He could see Ana watching over the edge of her book, see the sympathy in her eye as he described the life he was afraid he'd never go back to. He pretended not to see it.
Dinner was more of the same, with more venison. Reinhardt expressed approval for Gabriel's appetite, which led to a discussion of exercise and strength. Genji slipped into that conversation somewhere, scoffing that he was stronger, but the half-giant chided him.
"Gabriel is very strong for a mortal," he said firmly. "You are weak compared to me. Gabriel has convictions and purpose!" Reinhardt sounded very pleased by this.
"And the Reaper wants him to be its next host," Amari interjected in a tone of vague warning.
Reinhardt looked troubled by that. "He can still do good, surely? And having such a virtuous man at the reins will rein the beast in, no doubt..."
No one looked really convinced by that.
The half-giant invited Gabriel to watch the sunset with him, and he accepted purely to get away from the others. The air was chilly, but push-ups helped that, and they had a depressingly somber conversation about making the best of a bad situation. When they went back inside and Gabriel stretched out on the couch, he wished that whoever had kidnapped him would fucking get on with it already, or let him go back to his life.
===
Gabriel trembled with repressed rage, hands fisted at his sides, blood splattered on his knuckles, his uniform, his face. Liao was yelling at him, threatening to have his badge for that display of police brutality, but his attention was on the EMTs bandaging the perp. Behind them, more EMTs were examining the last victim. Fuck, she looked like she couldn't be older than twelve, dressed up and made up to look at least sixteen.
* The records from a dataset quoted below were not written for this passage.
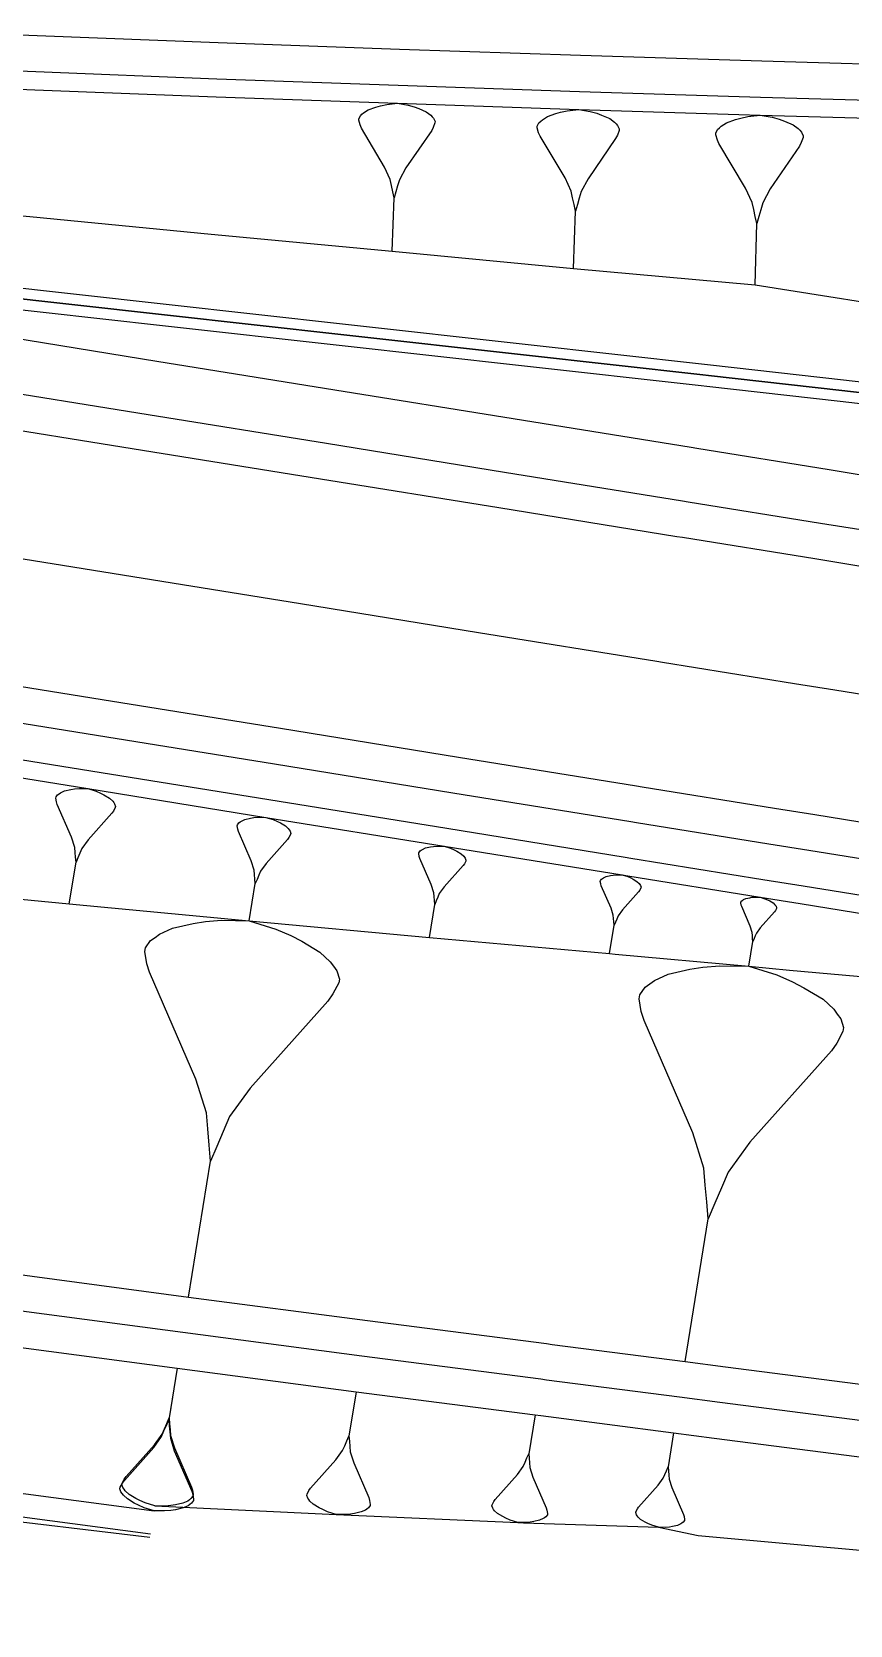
# Model space of a CAD drawing. Extents: x 389565 to 391267, y 804651 to 804848.
# Drawn here: x 390345.91 to 390368.59, y 804655.86 to 804700 of the extents above; entities that cross this region are included whole.
import ezdxf

# ---------------------------------------------------------------- set-up
doc = ezdxf.new("R2010")
doc.units = 0
doc.layers.get('0').update_dxf_attribs({"linetype": 'CONTINUOUS'})

msp = doc.modelspace()

# ---------------------------------------------------------------- linework, layer by layer
at = {"color": 7}
for p, q in [((390355.0179, 804697.6756), (390355.0616, 804697.7164)), ((390355.0616, 804697.7164), (390355.1054, 804697.7572)), ((390355.1054, 804697.7572), (390355.2352, 804697.8373)), ((390355.2352, 804697.8373), (390355.4495, 804697.9145)), ((390355.4495, 804697.9145), (390355.5778, 804697.9523)), ((390355.5778, 804697.9523), (390355.7484, 804697.9887)), ((390355.7484, 804697.9887), (390356.0458, 804698.0206)), ((390356.0458, 804698.0206), (390356.3403, 804697.9679)), ((390356.3403, 804697.9679), (390356.5079, 804697.9197)), ((390356.5079, 804697.9197), (390356.6332, 804697.873)), ((390356.6332, 804697.873), (390356.8417, 804697.781)), ((390356.8417, 804697.781), (390356.9655, 804697.692)), ((390360.1999, 804697.6518), (390360.43, 804697.7352)), ((390360.43, 804697.7352), (390360.5678, 804697.7762)), ((390360.5678, 804697.7762), (390360.751, 804697.8157)), ((390360.751, 804697.8157), (390361.0705, 804697.8508)), ((390361.0705, 804697.8508), (390361.387, 804697.795)), ((390361.387, 804697.795), (390361.5672, 804697.7437)), ((390361.5672, 804697.7437), (390361.702, 804697.6938)), ((390354.9711, 804697.5503), (390354.9726, 804697.5926)), ((390355.009, 804697.422), (390354.9711, 804697.5503)), ((390354.9726, 804697.5926), (390355.0179, 804697.6756)), ((390355.0483, 804697.3359), (390355.009, 804697.422)), ((390355.6877, 804696.2553), (390355.0483, 804697.3359)), ((390356.9655, 804697.692), (390357.0063, 804697.6483)), ((390357.0382, 804697.3509), (390356.993, 804697.2678)), ((390357.0063, 804697.6483), (390357.0471, 804697.6045)), ((390357.0849, 804697.4762), (390357.0382, 804697.3509)), ((390357.0471, 804697.6045), (390357.0864, 804697.5185)), ((390357.0864, 804697.5185), (390357.0849, 804697.4762)), ((390359.917, 804697.3426), (390359.9185, 804697.3881)), ((390359.958, 804697.2049), (390359.917, 804697.3426)), ((390359.9185, 804697.3881), (390359.9669, 804697.4774)), ((390359.9669, 804697.4774), (390360.0138, 804697.5214)), ((390360.0138, 804697.5214), (390360.0607, 804697.5653)), ((390360.0607, 804697.5653), (390360.1999, 804697.6518)), ((390361.702, 804697.6938), (390361.9262, 804697.5956)), ((390361.9262, 804697.5956), (390362.0595, 804697.5003)), ((390362.0595, 804697.5003), (390362.1035, 804697.4534)), ((390362.1035, 804697.4534), (390362.1474, 804697.4065)), ((390362.1474, 804697.4065), (390362.1899, 804697.3142)), ((390362.1899, 804697.3142), (390362.1884, 804697.2687)), ((390364.8675, 804697.1967), (390364.9189, 804697.2922)), ((390364.9189, 804697.2922), (390364.9688, 804697.3393)), ((390364.9688, 804697.3393), (390365.0187, 804697.3863)), ((390365.0187, 804697.3863), (390365.1671, 804697.4789)), ((390365.1671, 804697.4789), (390365.4124, 804697.5686)), ((390365.4124, 804697.5686), (390365.5593, 804697.6127)), ((390365.5593, 804697.6127), (390365.7547, 804697.6553)), ((390365.7547, 804697.6553), (390366.0955, 804697.6936)), ((390366.0955, 804697.6936), (390366.4334, 804697.635)), ((390366.4334, 804697.635), (390366.6259, 804697.5806)), ((390366.6259, 804697.5806), (390366.7699, 804697.5278)), ((390366.7699, 804697.5278), (390367.0093, 804697.4236)), ((390367.0093, 804697.4236), (390367.1519, 804697.3222)), ((390367.1519, 804697.3222), (390367.1989, 804697.2723)), ((390356.993, 804697.2678), (390356.2795, 804696.2346)), ((390360.0005, 804697.1125), (390359.958, 804697.2049)), ((390360.6904, 804695.9532), (390360.0005, 804697.1125)), ((390362.0902, 804697.0446), (390361.3264, 804695.9325)), ((390362.1386, 804697.1339), (390362.0902, 804697.0446)), ((390362.1884, 804697.2687), (390362.1386, 804697.1339)), ((390364.866, 804697.1483), (390364.8675, 804697.1967)), ((390364.9101, 804697.0014), (390364.866, 804697.1483)), ((390364.9557, 804696.9029), (390364.9101, 804697.0014)), ((390365.695, 804695.6676), (390364.9557, 804696.9029)), ((390367.1858, 804696.836), (390366.3737, 804695.6472)), ((390367.2372, 804696.9315), (390367.1858, 804696.836)), ((390367.1989, 804697.2723), (390367.2459, 804697.2224)), ((390367.29, 804697.0755), (390367.2372, 804696.9315)), ((390367.2459, 804697.2224), (390367.2915, 804697.1239)), ((390367.2915, 804697.1239), (390367.29, 804697.0755)), ((390355.8449, 804695.9112), (390355.6877, 804696.2553)), ((390356.2795, 804696.2346), (390356.0986, 804695.9023)), ((390360.8603, 804695.5839), (390360.6904, 804695.9532)), ((390355.8813, 804695.7406), (390355.8449, 804695.9112)), ((390355.9176, 804695.57), (390355.8813, 804695.7406)), ((390355.954, 804695.3995), (390355.9176, 804695.57)), ((390356.0022, 804695.5671), (390355.954, 804695.3995)), ((390356.0504, 804695.7347), (390356.0022, 804695.5671)), ((390356.0986, 804695.9023), (390356.0504, 804695.7347)), ((390360.8998, 804695.4007), (390360.8603, 804695.5839)), ((390361.1328, 804695.575), (390361.0815, 804695.3948)), ((390361.3264, 804695.9325), (390361.1328, 804695.575)), ((390365.8773, 804695.274), (390365.695, 804695.6676)), ((390366.3737, 804695.6472), (390366.1681, 804695.2652)), ((390355.9021, 804693.9198), (390355.954, 804695.3995)), ((390360.9393, 804695.2175), (390360.8998, 804695.4007)), ((390360.9788, 804695.0343), (390360.9393, 804695.2175)), ((390361.0302, 804695.2145), (390360.9788, 804695.0343)), ((390361.0815, 804695.3948), (390361.0302, 804695.2145)), ((390365.9199, 804695.0786), (390365.8773, 804695.274)), ((390365.9626, 804694.8832), (390365.9199, 804695.0786)), ((390366.1138, 804695.0728), (390366.0595, 804694.8803)), ((390366.1681, 804695.2652), (390366.1138, 804695.0728)), ((390360.9271, 804693.4443), (390360.9788, 804695.0343)), ((390365.9543, 804692.991), (390366.0052, 804694.6878)), ((390366.0052, 804694.6878), (390365.9626, 804694.8832)), ((390366.0595, 804694.8803), (390366.0052, 804694.6878)), ((390346.5784, 804678.771), (390346.5837, 804678.8039)), ((390346.5953, 804678.667), (390346.5784, 804678.771)), ((390346.5837, 804678.8039), (390346.6272, 804678.8644)), ((390346.6272, 804678.8644), (390346.6655, 804678.892)), ((390346.6655, 804678.892), (390346.7037, 804678.9196)), ((390346.7037, 804678.9196), (390346.813, 804678.9695)), ((390346.813, 804678.9695), (390346.9882, 804679.0088)), ((390346.9882, 804679.0088), (390347.0923, 804679.0258)), ((390347.0923, 804679.0258), (390347.2292, 804679.0374)), ((390347.2292, 804679.0374), (390347.4649, 804679.0331)), ((390347.4649, 804679.0331), (390347.69, 804678.963)), ((390347.69, 804678.963), (390347.8163, 804678.9089)), ((390347.8163, 804678.9089), (390347.9097, 804678.86)), ((390347.9097, 804678.86), (390348.0637, 804678.7676)), ((390348.0637, 804678.7676), (390348.1518, 804678.6859)), ((390346.6176, 804678.5958), (390346.5953, 804678.667)), ((390347.0114, 804677.688), (390346.6176, 804678.5958)), ((390348.1316, 804678.3515), (390347.4722, 804677.6137)), ((390348.1751, 804678.412), (390348.1316, 804678.3515)), ((390348.1518, 804678.6859), (390348.1794, 804678.6477)), ((390348.224, 804678.5054), (390348.1751, 804678.412)), ((390348.1794, 804678.6477), (390348.207, 804678.6094)), ((390348.207, 804678.6094), (390348.2293, 804678.5383)), ((390348.2293, 804678.5383), (390348.224, 804678.5054)), ((390351.6056, 804678.0012), (390351.6104, 804678.0307)), ((390351.6209, 804677.9078), (390351.6056, 804678.0012)), ((390351.6104, 804678.0307), (390351.6495, 804678.085)), ((390351.6409, 804677.844), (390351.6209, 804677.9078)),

He remembered this. The girl had been underage, the perp had gone to jail, and within three weeks someone had shoved a sharpened toothbrush between his ribs. The EMTs started shouting as a sharpened toothbrush suddenly materialized in their patient, and through his rage, Gabriel grinned.
This was a dream.
"Shut the fuck up, Liao," he snarled.
Amari fell into step beside him as he stalked away, looking shaken and glancing back over her shoulder.
"If there's something you're looking for, just fucking ask me," Gabriel told her. Knowing that this was a dream calmed him considerably from the rage he'd felt at the time, but made him angry for having his privacy violated in this way.
"Forgive me," she said evenly. "I went looking for the worst thing you had done, to try to gauge how fearsome you might be as the Reaper. Would you care to tell me about this memory?"
Well...he couldn't blame her for that, actually. Supernatural background check. Gabriel rolled his shoulders and mentally cleaned the blood off his skin and his uniform. "Perp was a serial rapist," he started. "Case first came to my attention because I walked into the precinct and a girl from my neighborhood was giving her statement. The boys, they know I take shit like that seriously, so I stood and watched while she finished. Drove her home afterwards. Put the word out along with a cell phone pic of the police sketch. He bounced around, raped nine more women before I got a tip the dude had a young-looking girl and was taking her to a building with rented rooms, if you get my meaning. I got there first, but just barely. Hauled him off of her - she was crying - and just started punching. That's how Liao found me - him against the wall with my hand on his throat, punching, while the girl sat in the corner crying. She looked sixteen. She was twelve."
"Surely the law-"
He rounded on her, holding his temper back but still furious. "She was twelve, Amari! What if that had been your daughter? Would you have wanted me to cuff him and read him his rights, or would you have wanted me to kick the motherfucking ass of the piece of shit who raped your baby girl?"
She recoiled, eye wide, while his breath whistled in and out.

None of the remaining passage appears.